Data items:
________________________

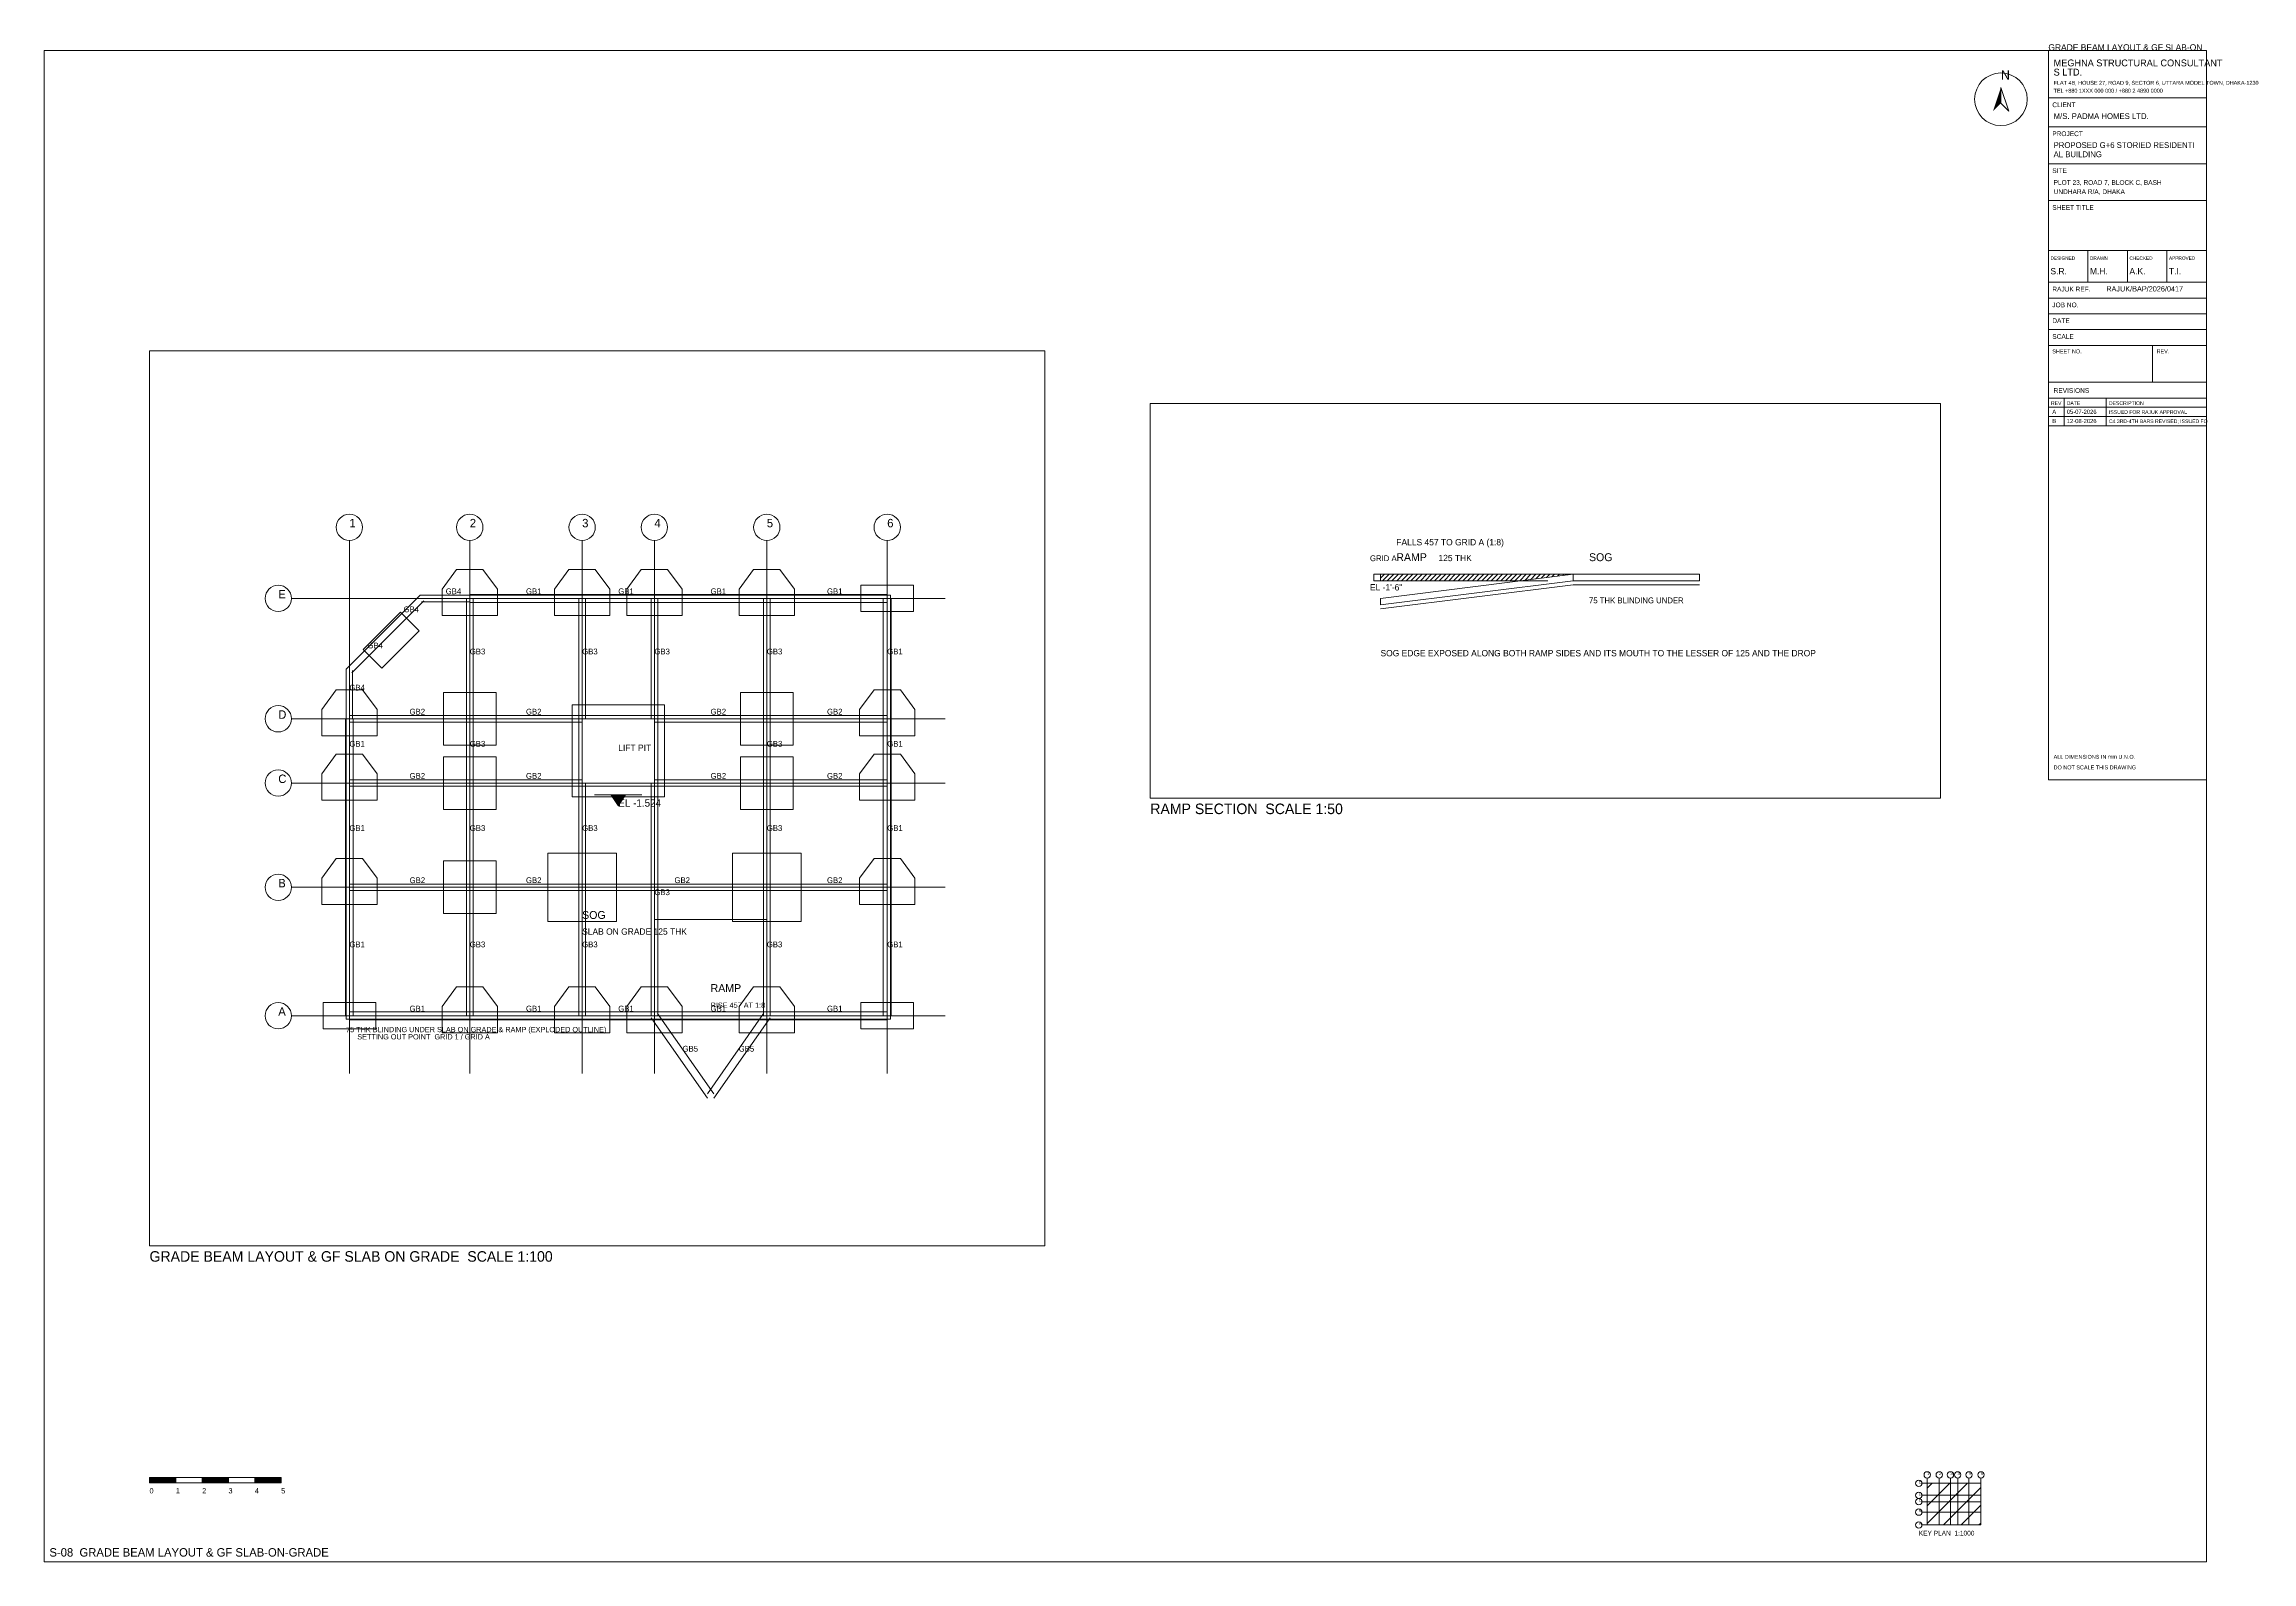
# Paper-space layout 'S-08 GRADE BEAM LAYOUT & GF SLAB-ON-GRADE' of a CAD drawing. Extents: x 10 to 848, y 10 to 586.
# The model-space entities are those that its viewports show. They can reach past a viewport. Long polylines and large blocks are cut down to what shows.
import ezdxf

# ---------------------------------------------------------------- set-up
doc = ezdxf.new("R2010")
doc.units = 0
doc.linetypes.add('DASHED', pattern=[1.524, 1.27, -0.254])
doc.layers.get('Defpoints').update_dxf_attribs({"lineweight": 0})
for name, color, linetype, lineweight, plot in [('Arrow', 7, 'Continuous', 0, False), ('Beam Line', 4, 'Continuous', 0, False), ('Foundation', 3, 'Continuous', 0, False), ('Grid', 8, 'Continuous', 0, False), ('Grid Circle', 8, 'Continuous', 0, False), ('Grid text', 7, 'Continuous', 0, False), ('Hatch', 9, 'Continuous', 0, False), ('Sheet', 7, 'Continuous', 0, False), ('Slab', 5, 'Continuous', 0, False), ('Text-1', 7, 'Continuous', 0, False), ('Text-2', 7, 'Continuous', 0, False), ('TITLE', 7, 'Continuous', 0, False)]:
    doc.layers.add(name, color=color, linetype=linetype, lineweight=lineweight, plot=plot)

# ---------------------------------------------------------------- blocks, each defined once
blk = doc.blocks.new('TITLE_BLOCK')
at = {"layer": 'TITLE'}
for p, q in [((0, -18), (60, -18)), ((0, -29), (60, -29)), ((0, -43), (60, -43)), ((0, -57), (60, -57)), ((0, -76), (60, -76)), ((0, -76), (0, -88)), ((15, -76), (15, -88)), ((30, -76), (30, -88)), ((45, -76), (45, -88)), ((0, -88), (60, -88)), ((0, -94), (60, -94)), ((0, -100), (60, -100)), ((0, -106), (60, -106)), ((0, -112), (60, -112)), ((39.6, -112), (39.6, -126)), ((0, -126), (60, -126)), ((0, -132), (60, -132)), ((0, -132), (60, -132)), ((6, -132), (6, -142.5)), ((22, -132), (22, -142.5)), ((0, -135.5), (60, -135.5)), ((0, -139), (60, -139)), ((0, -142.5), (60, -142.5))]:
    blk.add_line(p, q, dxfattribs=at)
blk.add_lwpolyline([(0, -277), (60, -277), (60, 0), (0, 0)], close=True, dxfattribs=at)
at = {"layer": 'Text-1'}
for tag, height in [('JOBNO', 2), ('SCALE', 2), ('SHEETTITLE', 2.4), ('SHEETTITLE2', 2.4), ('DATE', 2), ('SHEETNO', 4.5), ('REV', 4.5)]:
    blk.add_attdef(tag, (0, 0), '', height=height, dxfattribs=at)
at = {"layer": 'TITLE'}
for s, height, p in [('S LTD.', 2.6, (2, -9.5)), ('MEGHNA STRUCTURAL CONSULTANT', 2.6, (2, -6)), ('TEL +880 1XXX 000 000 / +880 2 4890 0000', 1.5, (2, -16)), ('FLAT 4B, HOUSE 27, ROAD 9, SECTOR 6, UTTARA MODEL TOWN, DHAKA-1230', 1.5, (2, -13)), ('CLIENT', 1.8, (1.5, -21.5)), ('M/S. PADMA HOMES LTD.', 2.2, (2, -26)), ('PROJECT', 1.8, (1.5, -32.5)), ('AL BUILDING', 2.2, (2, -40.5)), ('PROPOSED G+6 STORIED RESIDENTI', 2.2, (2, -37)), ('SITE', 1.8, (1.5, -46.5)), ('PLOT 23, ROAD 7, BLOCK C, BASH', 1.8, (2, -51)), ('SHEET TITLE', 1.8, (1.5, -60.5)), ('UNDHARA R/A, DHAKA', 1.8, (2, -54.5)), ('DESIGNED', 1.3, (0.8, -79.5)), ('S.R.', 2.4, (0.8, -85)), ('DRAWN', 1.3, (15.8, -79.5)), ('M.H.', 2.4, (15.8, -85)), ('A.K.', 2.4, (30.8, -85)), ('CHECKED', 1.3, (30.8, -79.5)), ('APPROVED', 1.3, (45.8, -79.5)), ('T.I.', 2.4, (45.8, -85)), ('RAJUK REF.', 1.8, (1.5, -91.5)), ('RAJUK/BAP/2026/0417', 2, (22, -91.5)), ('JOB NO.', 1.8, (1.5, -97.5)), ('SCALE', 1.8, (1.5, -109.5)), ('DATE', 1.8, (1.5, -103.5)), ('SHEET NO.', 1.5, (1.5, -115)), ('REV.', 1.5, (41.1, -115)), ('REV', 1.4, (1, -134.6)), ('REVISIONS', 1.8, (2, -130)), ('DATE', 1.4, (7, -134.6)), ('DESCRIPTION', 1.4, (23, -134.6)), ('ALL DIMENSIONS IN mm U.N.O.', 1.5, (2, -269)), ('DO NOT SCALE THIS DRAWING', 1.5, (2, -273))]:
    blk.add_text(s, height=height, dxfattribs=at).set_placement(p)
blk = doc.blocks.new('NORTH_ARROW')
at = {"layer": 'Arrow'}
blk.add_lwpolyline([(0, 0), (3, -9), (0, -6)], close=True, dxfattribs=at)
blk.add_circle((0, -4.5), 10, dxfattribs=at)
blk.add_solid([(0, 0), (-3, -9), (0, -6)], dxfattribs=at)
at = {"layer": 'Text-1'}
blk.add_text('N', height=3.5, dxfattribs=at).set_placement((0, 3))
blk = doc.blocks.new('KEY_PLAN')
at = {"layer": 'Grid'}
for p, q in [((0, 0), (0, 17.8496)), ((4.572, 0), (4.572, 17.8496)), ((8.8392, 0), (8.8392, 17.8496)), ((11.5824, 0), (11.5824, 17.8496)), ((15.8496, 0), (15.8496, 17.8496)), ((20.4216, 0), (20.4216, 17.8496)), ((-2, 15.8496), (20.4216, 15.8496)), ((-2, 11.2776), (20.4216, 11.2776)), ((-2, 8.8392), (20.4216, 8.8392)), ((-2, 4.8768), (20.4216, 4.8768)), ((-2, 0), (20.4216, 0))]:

________________________

## Exercise aim
Please print all the lines above exactly as given and leave out every picture.

## Written answer
# Paper-space layout 'S-08 GRADE BEAM LAYOUT & GF SLAB-ON-GRADE' of a CAD drawing. Extents: x 10 to 848, y 10 to 586.
# The model-space entities are those that its viewports show. They can reach past a viewport. Long polylines and large blocks are cut down to what shows.
import ezdxf

# ---------------------------------------------------------------- set-up
doc = ezdxf.new("R2010")
doc.units = 0
doc.linetypes.add('DASHED', pattern=[1.524, 1.27, -0.254])
doc.layers.get('Defpoints').update_dxf_attribs({"lineweight": 0})
for name, color, linetype, lineweight, plot in [('Arrow', 7, 'Continuous', 0, False), ('Beam Line', 4, 'Continuous', 0, False), ('Foundation', 3, 'Continuous', 0, False), ('Grid', 8, 'Continuous', 0, False), ('Grid Circle', 8, 'Continuous', 0, False), ('Grid text', 7, 'Continuous', 0, False), ('Hatch', 9, 'Continuous', 0, False), ('Sheet', 7, 'Continuous', 0, False), ('Slab', 5, 'Continuous', 0, False), ('Text-1', 7, 'Continuous', 0, False), ('Text-2', 7, 'Continuous', 0, False), ('TITLE', 7, 'Continuous', 0, False)]:
    doc.layers.add(name, color=color, linetype=linetype, lineweight=lineweight, plot=plot)

# ---------------------------------------------------------------- blocks, each defined once
blk = doc.blocks.new('TITLE_BLOCK')
at = {"layer": 'TITLE'}
for p, q in [((0, -18), (60, -18)), ((0, -29), (60, -29)), ((0, -43), (60, -43)), ((0, -57), (60, -57)), ((0, -76), (60, -76)), ((0, -76), (0, -88)), ((15, -76), (15, -88)), ((30, -76), (30, -88)), ((45, -76), (45, -88)), ((0, -88), (60, -88)), ((0, -94), (60, -94)), ((0, -100), (60, -100)), ((0, -106), (60, -106)), ((0, -112), (60, -112)), ((39.6, -112), (39.6, -126)), ((0, -126), (60, -126)), ((0, -132), (60, -132)), ((0, -132), (60, -132)), ((6, -132), (6, -142.5)), ((22, -132), (22, -142.5)), ((0, -135.5), (60, -135.5)), ((0, -139), (60, -139)), ((0, -142.5), (60, -142.5))]:
    blk.add_line(p, q, dxfattribs=at)
blk.add_lwpolyline([(0, -277), (60, -277), (60, 0), (0, 0)], close=True, dxfattribs=at)
at = {"layer": 'Text-1'}
for tag, height in [('JOBNO', 2), ('SCALE', 2), ('SHEETTITLE', 2.4), ('SHEETTITLE2', 2.4), ('DATE', 2), ('SHEETNO', 4.5), ('REV', 4.5)]:
    blk.add_attdef(tag, (0, 0), '', height=height, dxfattribs=at)
at = {"layer": 'TITLE'}
for s, height, p in [('S LTD.', 2.6, (2, -9.5)), ('MEGHNA STRUCTURAL CONSULTANT', 2.6, (2, -6)), ('TEL +880 1XXX 000 000 / +880 2 4890 0000', 1.5, (2, -16)), ('FLAT 4B, HOUSE 27, ROAD 9, SECTOR 6, UTTARA MODEL TOWN, DHAKA-1230', 1.5, (2, -13)), ('CLIENT', 1.8, (1.5, -21.5)), ('M/S. PADMA HOMES LTD.', 2.2, (2, -26)), ('PROJECT', 1.8, (1.5, -32.5)), ('AL BUILDING', 2.2, (2, -40.5)), ('PROPOSED G+6 STORIED RESIDENTI', 2.2, (2, -37)), ('SITE', 1.8, (1.5, -46.5)), ('PLOT 23, ROAD 7, BLOCK C, BASH', 1.8, (2, -51)), ('SHEET TITLE', 1.8, (1.5, -60.5)), ('UNDHARA R/A, DHAKA', 1.8, (2, -54.5)), ('DESIGNED', 1.3, (0.8, -79.5)), ('S.R.', 2.4, (0.8, -85)), ('DRAWN', 1.3, (15.8, -79.5)), ('M.H.', 2.4, (15.8, -85)), ('A.K.', 2.4, (30.8, -85)), ('CHECKED', 1.3, (30.8, -79.5)), ('APPROVED', 1.3, (45.8, -79.5)), ('T.I.', 2.4, (45.8, -85)), ('RAJUK REF.', 1.8, (1.5, -91.5)), ('RAJUK/BAP/2026/0417', 2, (22, -91.5)), ('JOB NO.', 1.8, (1.5, -97.5)), ('SCALE', 1.8, (1.5, -109.5)), ('DATE', 1.8, (1.5, -103.5)), ('SHEET NO.', 1.5, (1.5, -115)), ('REV.', 1.5, (41.1, -115)), ('REV', 1.4, (1, -134.6)), ('REVISIONS', 1.8, (2, -130)), ('DATE', 1.4, (7, -134.6)), ('DESCRIPTION', 1.4, (23, -134.6)), ('ALL DIMENSIONS IN mm U.N.O.', 1.5, (2, -269)), ('DO NOT SCALE THIS DRAWING', 1.5, (2, -273))]:
    blk.add_text(s, height=height, dxfattribs=at).set_placement(p)
blk = doc.blocks.new('NORTH_ARROW')
at = {"layer": 'Arrow'}
blk.add_lwpolyline([(0, 0), (3, -9), (0, -6)], close=True, dxfattribs=at)
blk.add_circle((0, -4.5), 10, dxfattribs=at)
blk.add_solid([(0, 0), (-3, -9), (0, -6)], dxfattribs=at)
at = {"layer": 'Text-1'}
blk.add_text('N', height=3.5, dxfattribs=at).set_placement((0, 3))
blk = doc.blocks.new('KEY_PLAN')
at = {"layer": 'Grid'}
for p, q in [((0, 0), (0, 17.8496)), ((4.572, 0), (4.572, 17.8496)), ((8.8392, 0), (8.8392, 17.8496)), ((11.5824, 0), (11.5824, 17.8496)), ((15.8496, 0), (15.8496, 17.8496)), ((20.4216, 0), (20.4216, 17.8496)), ((-2, 15.8496), (20.4216, 15.8496)), ((-2, 11.2776), (20.4216, 11.2776)), ((-2, 8.8392), (20.4216, 8.8392)), ((-2, 4.8768), (20.4216, 4.8768)), ((-2, 0), (20.4216, 0))]:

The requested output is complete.